RIM to look at chairman and CEO split, shareholder withdraws motion

A Canadian activist investor is withdrawing a proposal to split the roles of board chairman and chief executive at Research In Motion Ltd. (TSX:RIM) after the company agreed to study the issue.

A Canadian activist investor is withdrawing a proposal to split the roles of board chairman and chief executive at Research In Motion Ltd. (TSX:RIM) after the company agreed to study the issue.

Northwest & Ethical Investments LP, or NEI, had put forth a motion to be considered at the company’s annual meeting in mid July asking shareholders to approve a policy that would have divided the role of chair and CEO.

RIM co-chief executives Jim Balsillie and Mike Lazaridis currently also serve as co-chairmen of the company.

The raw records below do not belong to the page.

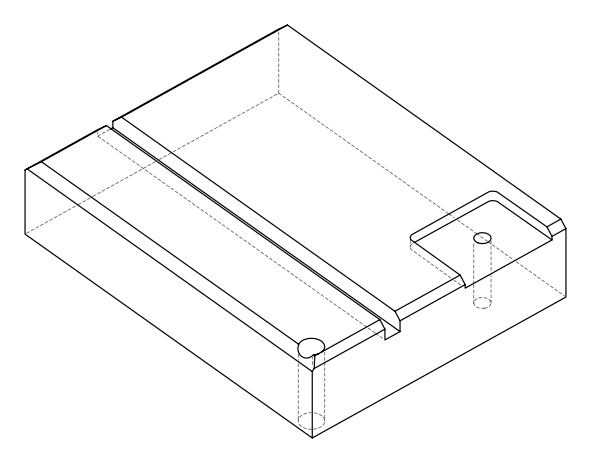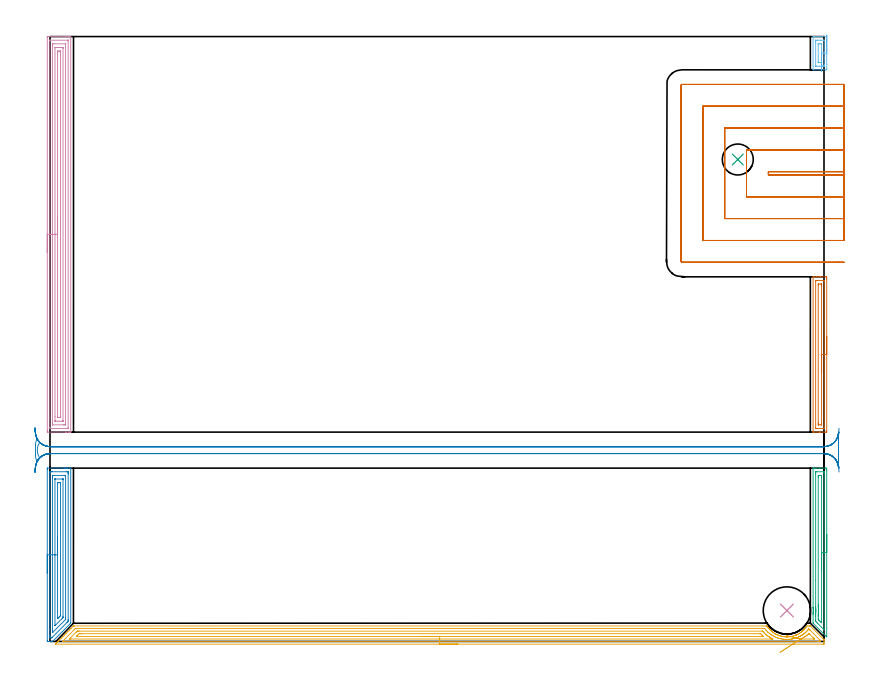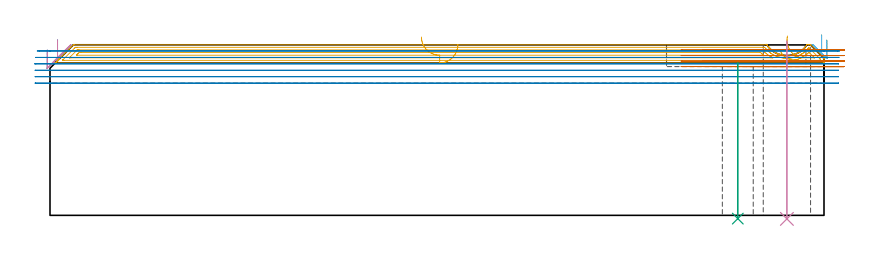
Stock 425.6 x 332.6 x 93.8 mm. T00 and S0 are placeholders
(PLAN: 10 operations, 3 tool changes, 54.1 min)
(1 AREA_MILL | FG_CHAMFER_SURFACE | UGT0205_001 | 2.25 min | 2665 mm3)
(2 AREA_MILL_1 | FG_CHAMFER_SURFACE_1 | UGT0205_001 | 3.91 min | 8493 mm3)
(3 AREA_MILL_2 | FG_CHAMFER_SURFACE_2 | UGT0205_001 | 2.35 min | 2803 mm3)
(4 AREA_MILL_3 | FG_CHAMFER_SURFACE_3 | UGT0205_001 | 8.95 min | 18654 mm3)
(5 AREA_MILL_4 | FG_CHAMFER_SURFACE_4 | UGT0205_001 | 13.4 min | 20602 mm3)
(6 AREA_MILL_5 | FG_CHAMFER_SURFACE_5 | UGT0205_001 | 0.64 min | 642 mm3)
(7 MILL_SLOT | SLOT_PARTIAL_RECTANGULAR | UGT0201_010 | Follow Part, ap 4, ae 75% | 10.68 min | 117642 mm3)
(8 MILL_RECTANGULAR_SLOT | SLOT_RECTANGULAR | UGT0201_010 | Follow Part, ap 4, ae 75% | 11.14 min | 176436 mm3)
(9 INDEXABLE_INSERT_DRILL_THROUGH_HOLE_FROM_SOLID | STEP1HOLE | NXT0302_005 | 0.35 min | 18533 mm3)
(10 INDEXABLE_INSERT_DRILL_THROUGH_HOLE_FROM_SOLID_1 | STEP1HOLE_1 | NXT0302_023 | 0.39 min | 49519 mm3)
(TOOL UGT0205_001 | Chamfer Mill 20 x 3 x 45 deg. | D20 FL50 Z2)
(TOOL UGT0201_010 | End Mill 16 mm | D16 FL22 Z2)
(TOOL NXT0302_005 | Index. Insert Drill 17mm [880-D1700L20-05] | D17 PA176 FL85 Z2)
(TOOL NXT0302_023 | Index. Insert Drill 26mm [880-D2600L32-05] | D26 PA176 FL130 Z2)
(OP 1 AREA_MILL)
G17 G21 G94 G90
T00 M6
G54
G17 G0 G90 X427.1 Y167.8 S1061 M3
G43 Z103.8 H0
Z96.3
G94 G1 Y167.762 Z95.428 F250.
Y167.648 Z94.564
Y167.459 Z93.712
Y167.197 Z92.88
Y166.863 Z92.074
Y166.46 Z91.3
Y165.992 Z90.564
Y165.46 Z89.872
Y164.871 Z89.229
Y164.228 Z88.64
Y163.536 Z88.109
Y162.8 Z87.64
Y162.026 Z87.237
Y161.22 Z86.903
Y160.388 Z86.641
Y159.536 Z86.452
Y158.672 Z86.338
Y157.8 Z86.3
Y115.907
X427.098 Y115.638 Z86.302
X427.091 Y115.106 Z86.305
X427.017 Y115.102 Z86.379
X426.478 Y115.1 Z86.918
X426.126 Z87.27
X423.797 Z89.597
X423.092 Z90.305
X422.903 Z90.494
X419.863 Z93.535
X419.637 Y115.101 Z93.756
X419.626 Y115.103 Z93.767
X419.603 Y115.109 Z93.789
X419.6 Y115.194 Z93.8
Y200.406
X419.603 Y200.49 Z93.789
X419.635 Y200.494 Z93.758
X419.864 Y200.5 Z93.535
X421.631 Z91.768
X422.903 Z90.494
X423.093 Z90.305
X423.797 Z89.597
X426.478 Z86.918
X427.017 Y200.498 Z86.379
X427.091 Y200.494 Z86.305
X427.097 Y199.962 Z86.303
X427.1 Y199.344 Z86.3
Y157.8
X425.686 Z87.714
X425.685 Y117.313 Z87.715
X425.683 Y117.211 Z87.717
X425.68 Y117.145 Z87.72
X425.676 Y117.109 Z87.724
X425.662 Y117.107 Z87.738
X425.584 Y117.104 Z87.816
X425.005 Y117.1 Z88.395
X422.009 Y117.101 Z91.391
X421.428 Y117.103 Z91.972
X421.116 Y117.11 Z92.284
X421.021 Y117.12 Z92.379
X421.017 Y117.312 Z92.383
X421.015 Y117.413 Z92.385
Y198.287
X421.017 Y198.389 Z92.383
X421.02 Y198.455 Z92.38
X421.024 Y198.491 Z92.376
X421.038 Y198.493 Z92.362
X421.116 Y198.496 Z92.284
X421.695 Y198.5 Z91.705
X424.69 Y198.499 Z88.71
X425.272 Y198.497 Z88.128
X425.584 Y198.49 Z87.816
X425.679 Y198.481 Z87.721
X425.683 Y198.288 Z87.717
X425.685 Y198.187 Z87.715
X425.686 Y157.8 Z87.714
X424.272 Z89.128
X424.271 Y119.605 Z89.129
X424.269 Y119.188 Z89.131
X424.267 Y119.131 Z89.133
X424.265 Y119.11 Z89.135
X424.152 Y119.105 Z89.248
X423.975 Y119.101 Z89.425
X422.814 Y119.1 Z90.586
X422.636 Y119.102 Z90.764
X422.518 Y119.106 Z90.882
X422.434 Y119.111 Z90.966
X422.433 Y119.122 Z90.967
X422.431 Y119.188 Z90.969
X422.429 Y119.66 Z90.971
X422.428 Y120.076 Z90.972
X422.429 Y195.995 Z90.971
X422.431 Y196.412 Z90.969
X422.433 Y196.469 Z90.967
X422.435 Y196.49 Z90.965
X422.547 Y196.495 Z90.853
X422.725 Y196.499 Z90.675
X423.886 Y196.5 Z89.514
X424.064 Y196.498 Z89.336
X424.182 Y196.494 Z89.218
X424.266 Y196.489 Z89.134
X424.267 Y196.478 Z89.133
X424.269 Y196.412 Z89.131
X424.271 Y195.94 Z89.129
X424.272 Y195.524 Z89.128
Y157.8
Y156.928 Z89.167
Y156.064 Z89.28
Y155.212 Z89.469
Y154.38 Z89.732
Y153.574 Z90.065
Y152.8 Z90.468
Y152.064 Z90.937
Y151.372 Z91.468
Y150.729 Z92.057
Y150.14 Z92.701
Y149.608 Z93.393
Y149.14 Z94.128
Y148.737 Z94.902
Y148.403 Z95.708
Y148.141 Z96.54
Y147.952 Z97.392
Y147.838 Z98.257
Y147.8 Z99.128
G0 Z103.8
M5
M2
(OP 2 AREA_MILL_1)
G17 G21 G94 G90
T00 M6
G54
G17 G0 G90 X-1.5 Y37.65 S1061 M3
G43 Z103.8 H0
Z90.9
G94 G1 Y37.688 Z90.028 F250.
Y37.802 Z89.164
Y37.991 Z88.312
Y38.253 Z87.48
Y38.587 Z86.674
Y38.99 Z85.9
Y39.459 Z85.164
Y39.99 Z84.472
Y40.579 Z83.829
Y41.222 Z83.24
Y41.914 Z82.709
Y42.65 Z82.24
Y43.424 Z81.837
Y44.23 Z81.503
Y45.062 Z81.241
Y45.914 Z81.052
Y46.778 Z80.938
Y47.65 Z80.9
Y94.748
X-1.498 Y95.296 Z80.899
X-1.497 Y95.298 Z80.9
X-1.494 Y95.3 Z80.903
X7.57 Z89.963
X8.231 Z90.629
X8.443 Z90.84
X9.105 Z91.502
X9.316 Z91.713
X9.74 Z92.139
X11.237 Z93.635
X11.32 Y95.298 Z93.712
X11.397 Y95.29 Z93.789
X11.4 Y95.192 Z93.8
Y10.327
X11.395 Y9.997 Z93.79
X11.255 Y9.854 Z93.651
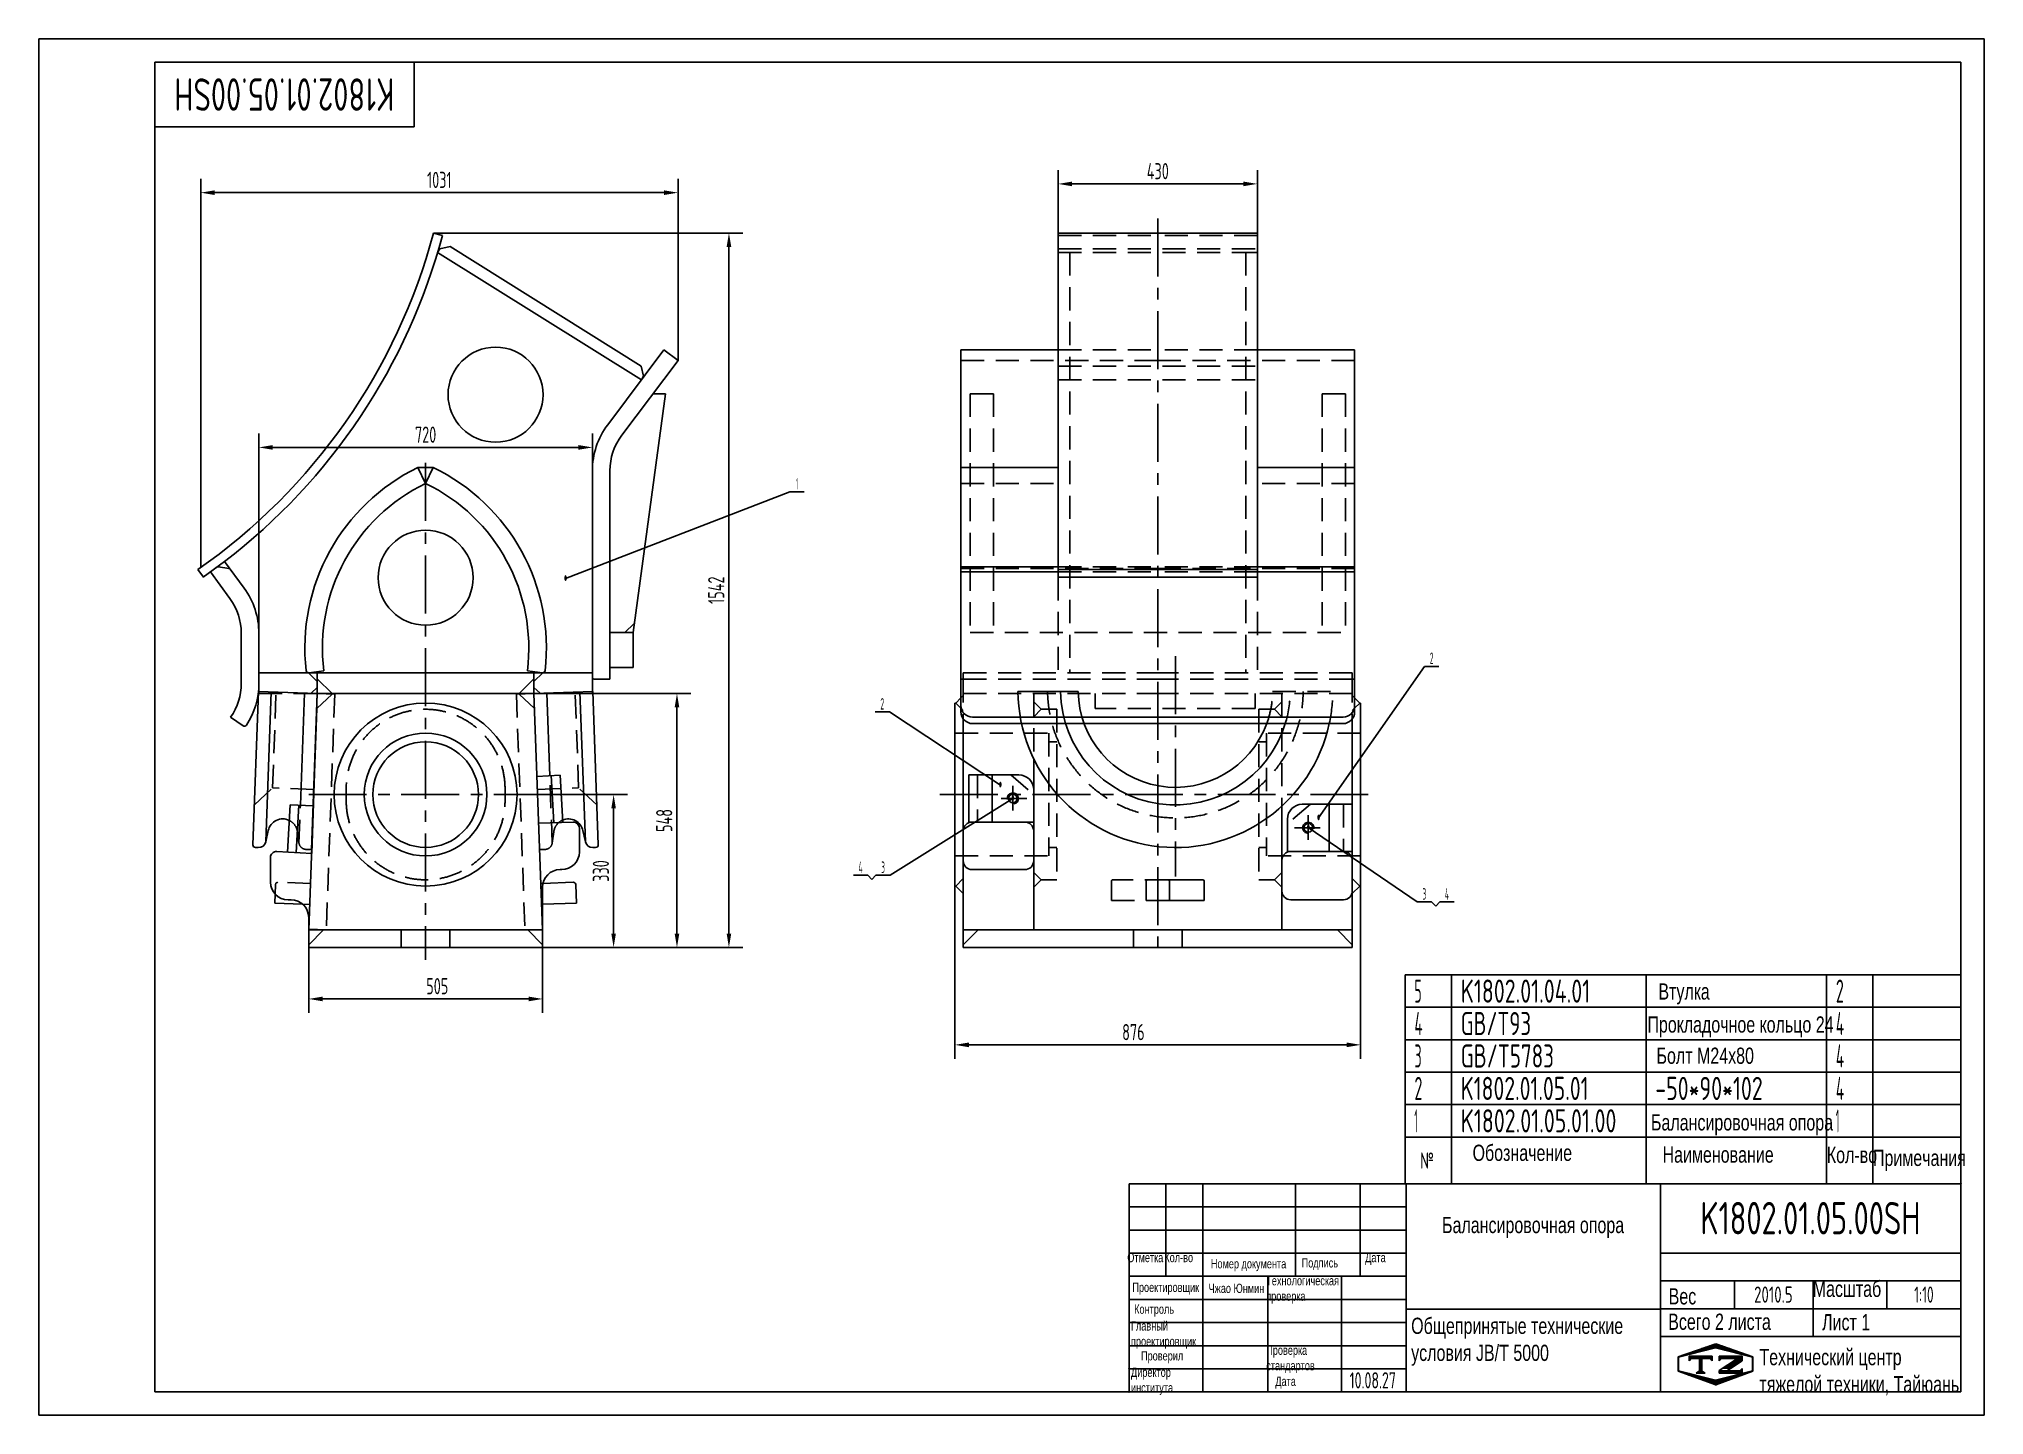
# Model space of a CAD drawing. Header units: millimetres. Extents: x 0 to 4200, y 0 to 2970.
import ezdxf
from ezdxf.enums import TextEntityAlignment as Align

# ---------------------------------------------------------------- set-up
doc = ezdxf.new("R2010")
doc.units = ezdxf.units.MM
doc.header["$LTSCALE"] = 100
doc.linetypes.add('F', pattern=[0.75, 0.5, -0.25])
doc.linetypes.add('G', pattern=[2, 1.25, -0.25, 0.25, -0.25])
for name, color, linetype in [('01', 7, 'Continuous'), ('02', 1, 'Continuous'), ('04', 2, 'F'), ('05', 4, 'G'), ('08', 1, 'Continuous'), ('11', 3, 'Continuous'), ('THICK', 7, 'Continuous')]:
    doc.layers.add(name, color=color, linetype=linetype)
doc.styles.get("Standard").update_dxf_attribs({"font": 'isocp', "width": 0.707, "bigfont": 'intecad.shx'})
doc.dimstyles.new('INTE', dxfattribs={"dimscale": 10, "dimtxt": 3.5, "dimasz": 3, "dimexe": 3, "dimexo": 0, "dimgap": 1, "dimtad": 1, "dimdec": 3, "dimdsep": 46, "dimtxsty": 'Standard', "dimcen": 0, "dimclrd": 1, "dimclre": 1, "dimclrt": 3, "dimaunit": 1, "dimadec": 0, "dimazin": 0, "dimtfac": 1, "dimtdec": 3, "dimtmove": 0, "dimatfit": 0, "dimfxl": 1, "dimarcsym": 0})

# ---------------------------------------------------------------- blocks, each defined once
blk = doc.blocks.new('*D146')
at = {"layer": '08', "color": 1, "lineweight": -2}
for p, q in [((582.5, 1009.2), (582.5, 868.1)), ((1087.5, 1009.2), (1087.5, 868.1)), ((1057.5, 898.1), (612.5, 898.1))]:
    blk.add_line(p, q, dxfattribs=at)
at = {"layer": '08', "color": 1}
for points in [[(612.5, 903.1), (612.5, 893.1), (582.5, 898.1)], [(1057.5, 903.1), (1057.5, 893.1), (1087.5, 898.1)]]:
    blk.add_solid(points, dxfattribs=at)
at = {"layer": 'Defpoints', "color": 0}
for p in [(582.5, 1009.2), (1087.5, 1009.2), (582.5, 898.1)]:
    blk.add_point(p, dxfattribs=at)
at = {"layer": '08', "color": 3, "insert": (860.1, 925.6), "char_height": 35, "attachment_point": 5}
blk.add_mtext('505', dxfattribs=at)
blk = doc.blocks.new('*D147')
at = {"layer": '08', "color": 1, "lineweight": -2}
for p, q in [((1087.5, 1339.2), (1270.9, 1339.2)), ((1240.9, 1309.2), (1240.9, 1039.2)), ((1061.3, 1009.2), (1270.9, 1009.2))]:
    blk.add_line(p, q, dxfattribs=at)
at = {"layer": '08', "color": 1}
for points in [[(1235.9, 1309.2), (1245.9, 1309.2), (1240.9, 1339.2)], [(1235.9, 1039.2), (1245.9, 1039.2), (1240.9, 1009.2)]]:
    blk.add_solid(points, dxfattribs=at)
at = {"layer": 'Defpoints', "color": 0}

RIM agreed Thursday to establish a board committee of independent directors to study the matter and report on the issue by next January.

The committee will also examine the necessity for RIM’s co-CEOS to have significant board level titles and propose a governance structure for the BlackBerry maker.

“RIM and NEI Investments are pleased to have reached an agreement on this matter, and these important issues of corporate governance will receive further consideration at the RIM board level,” the two sides said in a statement.

Proxy advisory firms Glass Lewis and Co. and ISS had both recommended shareholders vote to support the NEI motion at the company’s annual meeting to be held in Waterloo, Ont. on July 12.

RIM has come under fire in recent months amid increasing competition from Apple’s iPhone and new smartphones using Google’s Android operating system.

The company’s new PlayBook tablet has also struggled against the iPad and other Android-powered tablets.

RIM was forced to defend itself Thursday after a scathing letter by an anonymous “high level employee” was published by the technology news website Boy Genius Report that said projects were falling behind schedule.

The letter also urged Balsillie and Lazaridis to make changes at the company, which has grown rapidly in recent years from corporate BlackBerry sales but now faces tougher competition as it tries to grow in the smartphone and tablet consumer market.

“We need an injection of confidence: share your strategy and ask us for support,” the letter said. “The headhunters have already started circling and we are at risk of losing our best people.”

In a post on the company’s blog, RIM questioned the authenticity of the letter’s author, but said “that the senior management team at RIM is nonetheless fully aware of and aggressively addressing both the company’s challenges and its opportunities.”

RIM noted that it was nearing the end of a major business and technology transition.

“Although this transition has taken longer than anticipated, there is much excitement and optimism within the company about the new products that are lined up for the coming months,” the company wrote.

NEI Investments was created through a joint venture between Desjardins financial group and Canada’s credit unions, merging Northwest Mutual Funds Inc. and The Ethical Funds Company.

NEI has offices in Toronto, Montreal and Vancouver and is owned 50 per cent by the Provincial Credit Union Centrals and 50 per cent by Desjardins Group, one of Quebec’s biggest financial companies.